- Supplied entries -
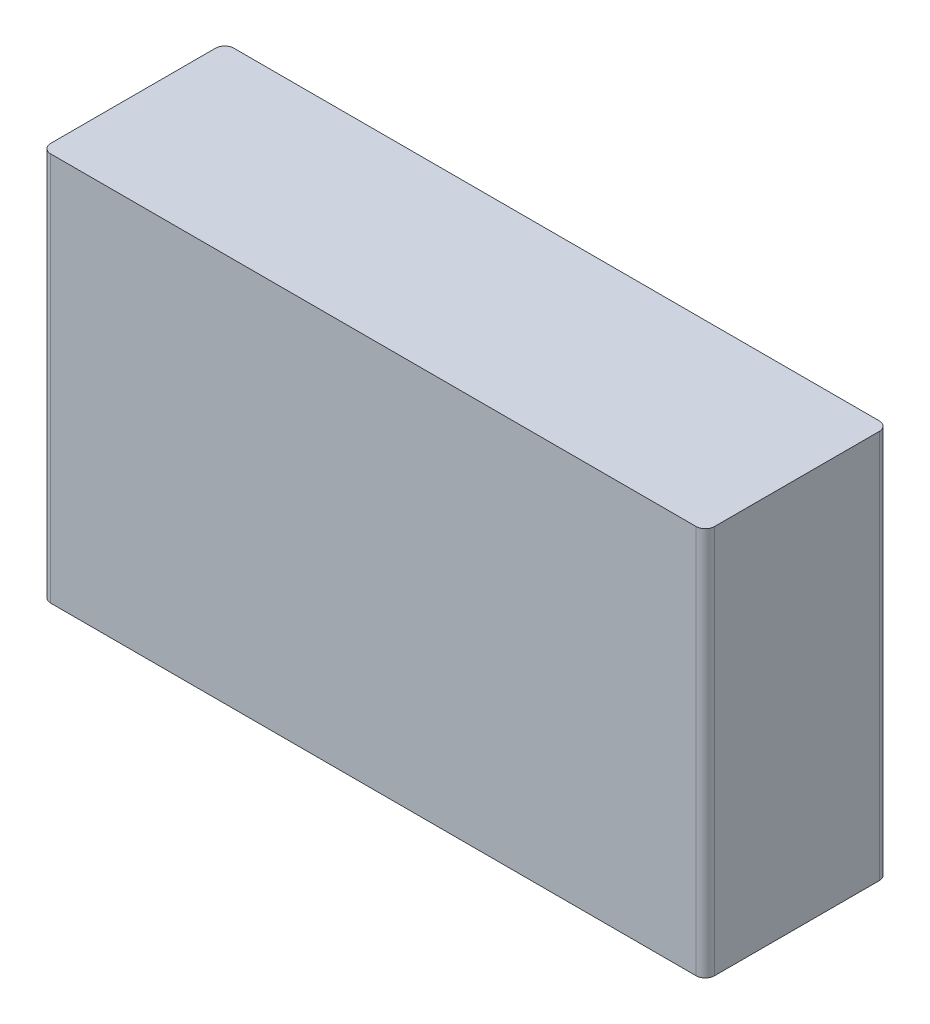
ISO-10303-21;
HEADER;
FILE_DESCRIPTION(('STEP AP214'),'2;1');
FILE_NAME('part.step','',(''),(''),'','','');
FILE_SCHEMA(('AUTOMOTIVE_DESIGN { 1 0 10303 214 1 1 1 1 }'));
ENDSEC;
DATA;
#1=APPLICATION_CONTEXT('core data for automotive mechanical design processes');
#2=APPLICATION_PROTOCOL_DEFINITION('international standard','automotive_design',2000,#1);
#3=PRODUCT_CONTEXT('',#1,'mechanical');
#4=PRODUCT('Part','Part','',(#3));
#5=PRODUCT_RELATED_PRODUCT_CATEGORY('part','',(#4));
#6=PRODUCT_DEFINITION_FORMATION('','',#4);
#7=PRODUCT_DEFINITION_CONTEXT('part definition',#1,'design');
#8=PRODUCT_DEFINITION('design','',#6,#7);
#9=PRODUCT_DEFINITION_SHAPE('','',#8);
#10=(LENGTH_UNIT() NAMED_UNIT(*) SI_UNIT(.MILLI.,.METRE.));
#11=(NAMED_UNIT(*) PLANE_ANGLE_UNIT() SI_UNIT($,.RADIAN.));
#12=(NAMED_UNIT(*) SI_UNIT($,.STERADIAN.) SOLID_ANGLE_UNIT());
#13=UNCERTAINTY_MEASURE_WITH_UNIT(LENGTH_MEASURE(1.E-05),#10,'distance_accuracy_value','');
#14=(GEOMETRIC_REPRESENTATION_CONTEXT(3) GLOBAL_UNCERTAINTY_ASSIGNED_CONTEXT((#13)) GLOBAL_UNIT_ASSIGNED_CONTEXT((#10,
#11,#12)) REPRESENTATION_CONTEXT('',''));
#15=CARTESIAN_POINT('',(0.,0.,0.));
#16=DIRECTION('',(0.,0.,1.));
#17=DIRECTION('',(1.,0.,0.));
#18=AXIS2_PLACEMENT_3D('',#15,#16,#17);
#19=CARTESIAN_POINT('',(0.775,0.425,0.));
#20=DIRECTION('',(0.,1.,0.));
#21=DIRECTION('',(1.,0.,0.));
#22=AXIS2_PLACEMENT_3D('',#19,#20,#21);
#23=PLANE('',#22);
#24=DIRECTION('',(1.,0.,0.));
#25=VECTOR('',#24,1.);
#26=CARTESIAN_POINT('',(0.75,0.425,0.05));
#27=LINE('',#26,#25);
#28=CARTESIAN_POINT('',(-0.705,0.425,0.05));
#29=VERTEX_POINT('',#28);
#30=CARTESIAN_POINT('',(0.705,0.425,0.05));
#31=VERTEX_POINT('',#30);
#32=EDGE_CURVE('E41',#29,#31,#27,.T.);
#33=ORIENTED_EDGE('',*,*,#32,.F.);
#34=CARTESIAN_POINT('',(-0.705,0.425,0.07));
#35=DIRECTION('',(0.,-1.,0.));
#36=DIRECTION('',(-0.707106781186548,0.,-0.707106781186548));
#37=AXIS2_PLACEMENT_3D('',#34,#35,#36);
#38=CIRCLE('',#37,0.02);
#39=CARTESIAN_POINT('',(-0.725,0.425,0.07));
#40=VERTEX_POINT('',#39);
#41=EDGE_CURVE('E165',#40,#29,#38,.T.);
#42=ORIENTED_EDGE('',*,*,#41,.F.);
#43=DIRECTION('',(0.,0.,-1.));
#44=VECTOR('',#43,1.);
#45=CARTESIAN_POINT('',(-0.725,0.425,0.025));
#46=LINE('',#45,#44);
#47=CARTESIAN_POINT('',(-0.725,0.425,0.43));
#48=VERTEX_POINT('',#47);
#49=EDGE_CURVE('E148',#48,#40,#46,.T.);
#50=ORIENTED_EDGE('',*,*,#49,.F.);
#51=CARTESIAN_POINT('',(-0.705,0.425,0.43));
#52=DIRECTION('',(0.,-1.,0.));
#53=DIRECTION('',(-0.707106781186548,0.,0.707106781186548));
#54=AXIS2_PLACEMENT_3D('',#51,#52,#53);
#55=CIRCLE('',#54,0.02);
#56=CARTESIAN_POINT('',(-0.705,0.425,0.45));
#57=VERTEX_POINT('',#56);
#58=EDGE_CURVE('E11',#57,#48,#55,.T.);
#59=ORIENTED_EDGE('',*,*,#58,.F.);
#60=DIRECTION('',(-1.,0.,0.));
#61=VECTOR('',#60,1.);
#62=CARTESIAN_POINT('',(0.025,0.425,0.45));
#63=LINE('',#62,#61);
#64=CARTESIAN_POINT('',(0.705,0.425,0.45));
#65=VERTEX_POINT('',#64);
#66=EDGE_CURVE('E144',#65,#57,#63,.T.);
#67=ORIENTED_EDGE('',*,*,#66,.F.);
#68=CARTESIAN_POINT('',(0.705,0.425,0.43));
#69=DIRECTION('',(0.,-1.,0.));
#70=DIRECTION('',(0.707106781186548,0.,0.707106781186548));
#71=AXIS2_PLACEMENT_3D('',#68,#69,#70);
#72=CIRCLE('',#71,0.02);
#73=CARTESIAN_POINT('',(0.725,0.425,0.43));
#74=VERTEX_POINT('',#73);
#75=EDGE_CURVE('E111',#74,#65,#72,.T.);
#76=ORIENTED_EDGE('',*,*,#75,.F.);
#77=DIRECTION('',(0.,0.,1.));
#78=VECTOR('',#77,1.);
#79=CARTESIAN_POINT('',(0.725,0.425,0.225));
#80=LINE('',#79,#78);
#81=CARTESIAN_POINT('',(0.725,0.425,0.07));
#82=VERTEX_POINT('',#81);
#83=EDGE_CURVE('E106',#82,#74,#80,.T.);
#84=ORIENTED_EDGE('',*,*,#83,.F.);
#85=CARTESIAN_POINT('',(0.705,0.425,0.07));
#86=DIRECTION('',(0.,-1.,0.));
#87=DIRECTION('',(0.707106781186548,0.,-0.707106781186548));
#88=AXIS2_PLACEMENT_3D('',#85,#86,#87);
#89=CIRCLE('',#88,0.02);
#90=EDGE_CURVE('E108',#31,#82,#89,.T.);
#91=ORIENTED_EDGE('',*,*,#90,.F.);
#92=EDGE_LOOP('',(#33,#42,#50,#59,#67,#76,#84,#91));
#93=FACE_BOUND('',#92,.T.);
#94=ADVANCED_FACE('F16',(#93),#23,.T.);
#95=CARTESIAN_POINT('',(-0.705,0.425,0.43));
#96=DIRECTION('',(0.,1.,0.));
#97=DIRECTION('',(-0.707106781186548,0.,0.707106781186548));
#98=AXIS2_PLACEMENT_3D('',#95,#96,#97);
#99=CYLINDRICAL_SURFACE('',#98,0.02);
#100=ORIENTED_EDGE('',*,*,#58,.T.);
#101=DIRECTION('',(0.,-1.,0.));
#102=VECTOR('',#101,1.);
#103=CARTESIAN_POINT('',(-0.725,0.425,0.43));
#104=LINE('',#103,#102);
#105=CARTESIAN_POINT('',(-0.725,-0.425,0.43));
#106=VERTEX_POINT('',#105);
#107=EDGE_CURVE('E27',#48,#106,#104,.T.);
#108=ORIENTED_EDGE('',*,*,#107,.T.);
#109=CARTESIAN_POINT('',(-0.705,-0.425,0.43));
#110=DIRECTION('',(0.,1.,0.));
#111=DIRECTION('',(-0.707106781186548,0.,0.707106781186548));
#112=AXIS2_PLACEMENT_3D('',#109,#110,#111);
#113=CIRCLE('',#112,0.02);
#114=CARTESIAN_POINT('',(-0.705,-0.425,0.45));
#115=VERTEX_POINT('',#114);
#116=EDGE_CURVE('E85',#106,#115,#113,.T.);
#117=ORIENTED_EDGE('',*,*,#116,.T.);
#118=DIRECTION('',(0.,1.,0.));
#119=VECTOR('',#118,1.);
#120=CARTESIAN_POINT('',(-0.705,0.425,0.45));
#121=LINE('',#120,#119);
#122=EDGE_CURVE('E75',#115,#57,#121,.T.);
#123=ORIENTED_EDGE('',*,*,#122,.T.);
#124=EDGE_LOOP('',(#100,#108,#117,#123));
#125=FACE_BOUND('',#124,.T.);
#126=ADVANCED_FACE('F214',(#125),#99,.T.);
#127=CARTESIAN_POINT('',(-0.775,-0.425,0.));
#128=DIRECTION('',(0.,-1.,0.));
#129=DIRECTION('',(0.,0.,-1.));
#130=AXIS2_PLACEMENT_3D('',#127,#128,#129);
#131=PLANE('',#130);
#132=DIRECTION('',(-1.,0.,0.));
#133=VECTOR('',#132,1.);
#134=CARTESIAN_POINT('',(-0.025,-0.425,0.05));
#135=LINE('',#134,#133);
#136=CARTESIAN_POINT('',(0.705,-0.425,0.05));
#137=VERTEX_POINT('',#136);
#138=CARTESIAN_POINT('',(-0.705,-0.425,0.05));
#139=VERTEX_POINT('',#138);
#140=EDGE_CURVE('E137',#137,#139,#135,.T.);
#141=ORIENTED_EDGE('',*,*,#140,.F.);
#142=CARTESIAN_POINT('',(0.705,-0.425,0.07));
#143=DIRECTION('',(0.,1.,0.));
#144=DIRECTION('',(0.707106781186548,0.,-0.707106781186548));
#145=AXIS2_PLACEMENT_3D('',#142,#143,#144);
#146=CIRCLE('',#145,0.02);
#147=CARTESIAN_POINT('',(0.725,-0.425,0.07));
#148=VERTEX_POINT('',#147);
#149=EDGE_CURVE('E149',#148,#137,#146,.T.);
#150=ORIENTED_EDGE('',*,*,#149,.F.);
#151=DIRECTION('',(0.,0.,-1.));
#152=VECTOR('',#151,1.);
#153=CARTESIAN_POINT('',(0.725,-0.425,0.225));
#154=LINE('',#153,#152);
#155=CARTESIAN_POINT('',(0.725,-0.425,0.43));
#156=VERTEX_POINT('',#155);
#157=EDGE_CURVE('E118',#156,#148,#154,.T.);
#158=ORIENTED_EDGE('',*,*,#157,.F.);
#159=CARTESIAN_POINT('',(0.705,-0.425,0.43));
#160=DIRECTION('',(0.,1.,0.));
#161=DIRECTION('',(0.707106781186548,0.,0.707106781186548));
#162=AXIS2_PLACEMENT_3D('',#159,#160,#161);
#163=CIRCLE('',#162,0.02);
#164=CARTESIAN_POINT('',(0.705,-0.425,0.45));
#165=VERTEX_POINT('',#164);
#166=EDGE_CURVE('E186',#165,#156,#163,.T.);
#167=ORIENTED_EDGE('',*,*,#166,.F.);
#168=DIRECTION('',(1.,0.,0.));
#169=VECTOR('',#168,1.);
#170=CARTESIAN_POINT('',(-0.75,-0.425,0.45));
#171=LINE('',#170,#169);
#172=EDGE_CURVE('E141',#115,#165,#171,.T.);
#173=ORIENTED_EDGE('',*,*,#172,.F.);
#174=ORIENTED_EDGE('',*,*,#116,.F.);
#175=DIRECTION('',(0.,0.,1.));
#176=VECTOR('',#175,1.);
#177=CARTESIAN_POINT('',(-0.725,-0.425,0.025));
#178=LINE('',#177,#176);
#179=CARTESIAN_POINT('',(-0.725,-0.425,0.07));
#180=VERTEX_POINT('',#179);
#181=EDGE_CURVE('E178',#180,#106,#178,.T.);
#182=ORIENTED_EDGE('',*,*,#181,.F.);
#183=CARTESIAN_POINT('',(-0.705,-0.425,0.07));
#184=DIRECTION('',(0.,1.,0.));
#185=DIRECTION('',(-0.707106781186548,0.,-0.707106781186548));
#186=AXIS2_PLACEMENT_3D('',#183,#184,#185);
#187=CIRCLE('',#186,0.02);
#188=EDGE_CURVE('E157',#139,#180,#187,.T.);
#189=ORIENTED_EDGE('',*,*,#188,.F.);
#190=EDGE_LOOP('',(#141,#150,#158,#167,#173,#174,#182,#189));
#191=FACE_BOUND('',#190,.T.);
#192=ADVANCED_FACE('F204',(#191),#131,.T.);
#193=CARTESIAN_POINT('',(-0.725,0.425,0.05));
#194=DIRECTION('',(-1.,0.,0.));
#195=DIRECTION('',(0.,1.,0.));
#196=AXIS2_PLACEMENT_3D('',#193,#194,#195);
#197=PLANE('',#196);
#198=ORIENTED_EDGE('',*,*,#107,.F.);
#199=ORIENTED_EDGE('',*,*,#49,.T.);
#200=DIRECTION('',(0.,1.,0.));
#201=VECTOR('',#200,1.);
#202=CARTESIAN_POINT('',(-0.725,0.425,0.07));
#203=LINE('',#202,#201);
#204=EDGE_CURVE('E151',#180,#40,#203,.T.);
#205=ORIENTED_EDGE('',*,*,#204,.F.);
#206=ORIENTED_EDGE('',*,*,#181,.T.);
#207=EDGE_LOOP('',(#198,#199,#205,#206));
#208=FACE_BOUND('',#207,.T.);
#209=ADVANCED_FACE('F210',(#208),#197,.T.);
#210=CARTESIAN_POINT('',(-0.705,0.425,0.07));
#211=DIRECTION('',(0.,1.,0.));
#212=DIRECTION('',(-0.707106781186548,0.,-0.707106781186548));
#213=AXIS2_PLACEMENT_3D('',#210,#211,#212);
#214=CYLINDRICAL_SURFACE('',#213,0.02);
#215=ORIENTED_EDGE('',*,*,#41,.T.);
#216=DIRECTION('',(0.,-1.,0.));
#217=VECTOR('',#216,1.);
#218=CARTESIAN_POINT('',(-0.705,0.425,0.05));
#219=LINE('',#218,#217);
#220=EDGE_CURVE('E162',#29,#139,#219,.T.);
#221=ORIENTED_EDGE('',*,*,#220,.T.);
#222=ORIENTED_EDGE('',*,*,#188,.T.);
#223=ORIENTED_EDGE('',*,*,#204,.T.);
#224=EDGE_LOOP('',(#215,#221,#222,#223));
#225=FACE_BOUND('',#224,.T.);
#226=ADVANCED_FACE('F197',(#225),#214,.T.);
#227=CARTESIAN_POINT('',(0.705,0.425,0.07));
#228=DIRECTION('',(0.,-1.,0.));
#229=DIRECTION('',(0.707106781186548,0.,-0.707106781186548));
#230=AXIS2_PLACEMENT_3D('',#227,#228,#229);
#231=CYLINDRICAL_SURFACE('',#230,0.02);
#232=ORIENTED_EDGE('',*,*,#149,.T.);
#233=DIRECTION('',(0.,1.,0.));
#234=VECTOR('',#233,1.);
#235=CARTESIAN_POINT('',(0.705,0.425,0.05));
#236=LINE('',#235,#234);
#237=EDGE_CURVE('E124',#137,#31,#236,.T.);
#238=ORIENTED_EDGE('',*,*,#237,.T.);
#239=ORIENTED_EDGE('',*,*,#90,.T.);
#240=DIRECTION('',(0.,-1.,0.));
#241=VECTOR('',#240,1.);
#242=CARTESIAN_POINT('',(0.725,0.425,0.07));
#243=LINE('',#242,#241);
#244=EDGE_CURVE('E117',#82,#148,#243,.T.);
#245=ORIENTED_EDGE('',*,*,#244,.T.);
#246=EDGE_LOOP('',(#232,#238,#239,#245));
#247=FACE_BOUND('',#246,.T.);
#248=ADVANCED_FACE('F18',(#247),#231,.T.);
#249=CARTESIAN_POINT('',(0.725,0.425,0.45));
#250=DIRECTION('',(1.,0.,0.));
#251=DIRECTION('',(0.,1.,0.));
#252=AXIS2_PLACEMENT_3D('',#249,#250,#251);
#253=PLANE('',#252);
#254=ORIENTED_EDGE('',*,*,#244,.F.);
#255=ORIENTED_EDGE('',*,*,#83,.T.);
#256=DIRECTION('',(0.,1.,0.));
#257=VECTOR('',#256,1.);
#258=CARTESIAN_POINT('',(0.725,0.425,0.43));
#259=LINE('',#258,#257);
#260=EDGE_CURVE('E20',#156,#74,#259,.T.);
#261=ORIENTED_EDGE('',*,*,#260,.F.);
#262=ORIENTED_EDGE('',*,*,#157,.T.);
#263=EDGE_LOOP('',(#254,#255,#261,#262));
#264=FACE_BOUND('',#263,.T.);
#265=ADVANCED_FACE('F127',(#264),#253,.T.);
#266=CARTESIAN_POINT('',(0.705,0.425,0.43));
#267=DIRECTION('',(0.,1.,0.));
#268=DIRECTION('',(0.707106781186548,0.,0.707106781186548));
#269=AXIS2_PLACEMENT_3D('',#266,#267,#268);
#270=CYLINDRICAL_SURFACE('',#269,0.02);
#271=ORIENTED_EDGE('',*,*,#75,.T.);
#272=DIRECTION('',(0.,-1.,0.));
#273=VECTOR('',#272,1.);
#274=CARTESIAN_POINT('',(0.705,0.425,0.45));
#275=LINE('',#274,#273);
#276=EDGE_CURVE('E169',#65,#165,#275,.T.);
#277=ORIENTED_EDGE('',*,*,#276,.T.);
#278=ORIENTED_EDGE('',*,*,#166,.T.);
#279=ORIENTED_EDGE('',*,*,#260,.T.);
#280=EDGE_LOOP('',(#271,#277,#278,#279));
#281=FACE_BOUND('',#280,.T.);
#282=ADVANCED_FACE('F219',(#281),#270,.T.);
#283=CARTESIAN_POINT('',(-0.725,0.425,0.45));
#284=DIRECTION('',(0.,0.,1.));
#285=DIRECTION('',(1.,0.,0.));
#286=AXIS2_PLACEMENT_3D('',#283,#284,#285);
#287=PLANE('',#286);
#288=ORIENTED_EDGE('',*,*,#122,.F.);
#289=ORIENTED_EDGE('',*,*,#172,.T.);
#290=ORIENTED_EDGE('',*,*,#276,.F.);
#291=ORIENTED_EDGE('',*,*,#66,.T.);
#292=EDGE_LOOP('',(#288,#289,#290,#291));
#293=FACE_BOUND('',#292,.T.);
#294=ADVANCED_FACE('F217',(#293),#287,.T.);
#295=CARTESIAN_POINT('',(0.725,0.425,0.05));
#296=DIRECTION('',(0.,0.,-1.));
#297=DIRECTION('',(0.,-1.,0.));
#298=AXIS2_PLACEMENT_3D('',#295,#296,#297);
#299=PLANE('',#298);
#300=ORIENTED_EDGE('',*,*,#237,.F.);
#301=ORIENTED_EDGE('',*,*,#140,.T.);
#302=ORIENTED_EDGE('',*,*,#220,.F.);
#303=ORIENTED_EDGE('',*,*,#32,.T.);
#304=EDGE_LOOP('',(#300,#301,#302,#303));
#305=FACE_BOUND('',#304,.T.);
#306=ADVANCED_FACE('F201',(#305),#299,.T.);
#307=CLOSED_SHELL('',(#94,#126,#192,#209,#226,#248,#265,#282,#294,#306));
#308=MANIFOLD_SOLID_BREP('B1',#307);
#309=ADVANCED_BREP_SHAPE_REPRESENTATION('',(#18,#308),#14);
#310=SHAPE_DEFINITION_REPRESENTATION(#9,#309);
ENDSEC;
END-ISO-10303-21;

- Task to complete -
Copy range, inclusive: the line holding "#272=DIRECTION('',(0.,-1.,0.));" to the line holding "#285=DIRECTION('',(1.,0.,0.));". Reproduce exactly those lines of the records above and no others.

- Answer -
#272=DIRECTION('',(0.,-1.,0.));
#273=VECTOR('',#272,1.);
#274=CARTESIAN_POINT('',(0.705,0.425,0.45));
#275=LINE('',#274,#273);
#276=EDGE_CURVE('E169',#65,#165,#275,.T.);
#277=ORIENTED_EDGE('',*,*,#276,.T.);
#278=ORIENTED_EDGE('',*,*,#166,.T.);
#279=ORIENTED_EDGE('',*,*,#260,.T.);
#280=EDGE_LOOP('',(#271,#277,#278,#279));
#281=FACE_BOUND('',#280,.T.);
#282=ADVANCED_FACE('F219',(#281),#270,.T.);
#283=CARTESIAN_POINT('',(-0.725,0.425,0.45));
#284=DIRECTION('',(0.,0.,1.));
#285=DIRECTION('',(1.,0.,0.));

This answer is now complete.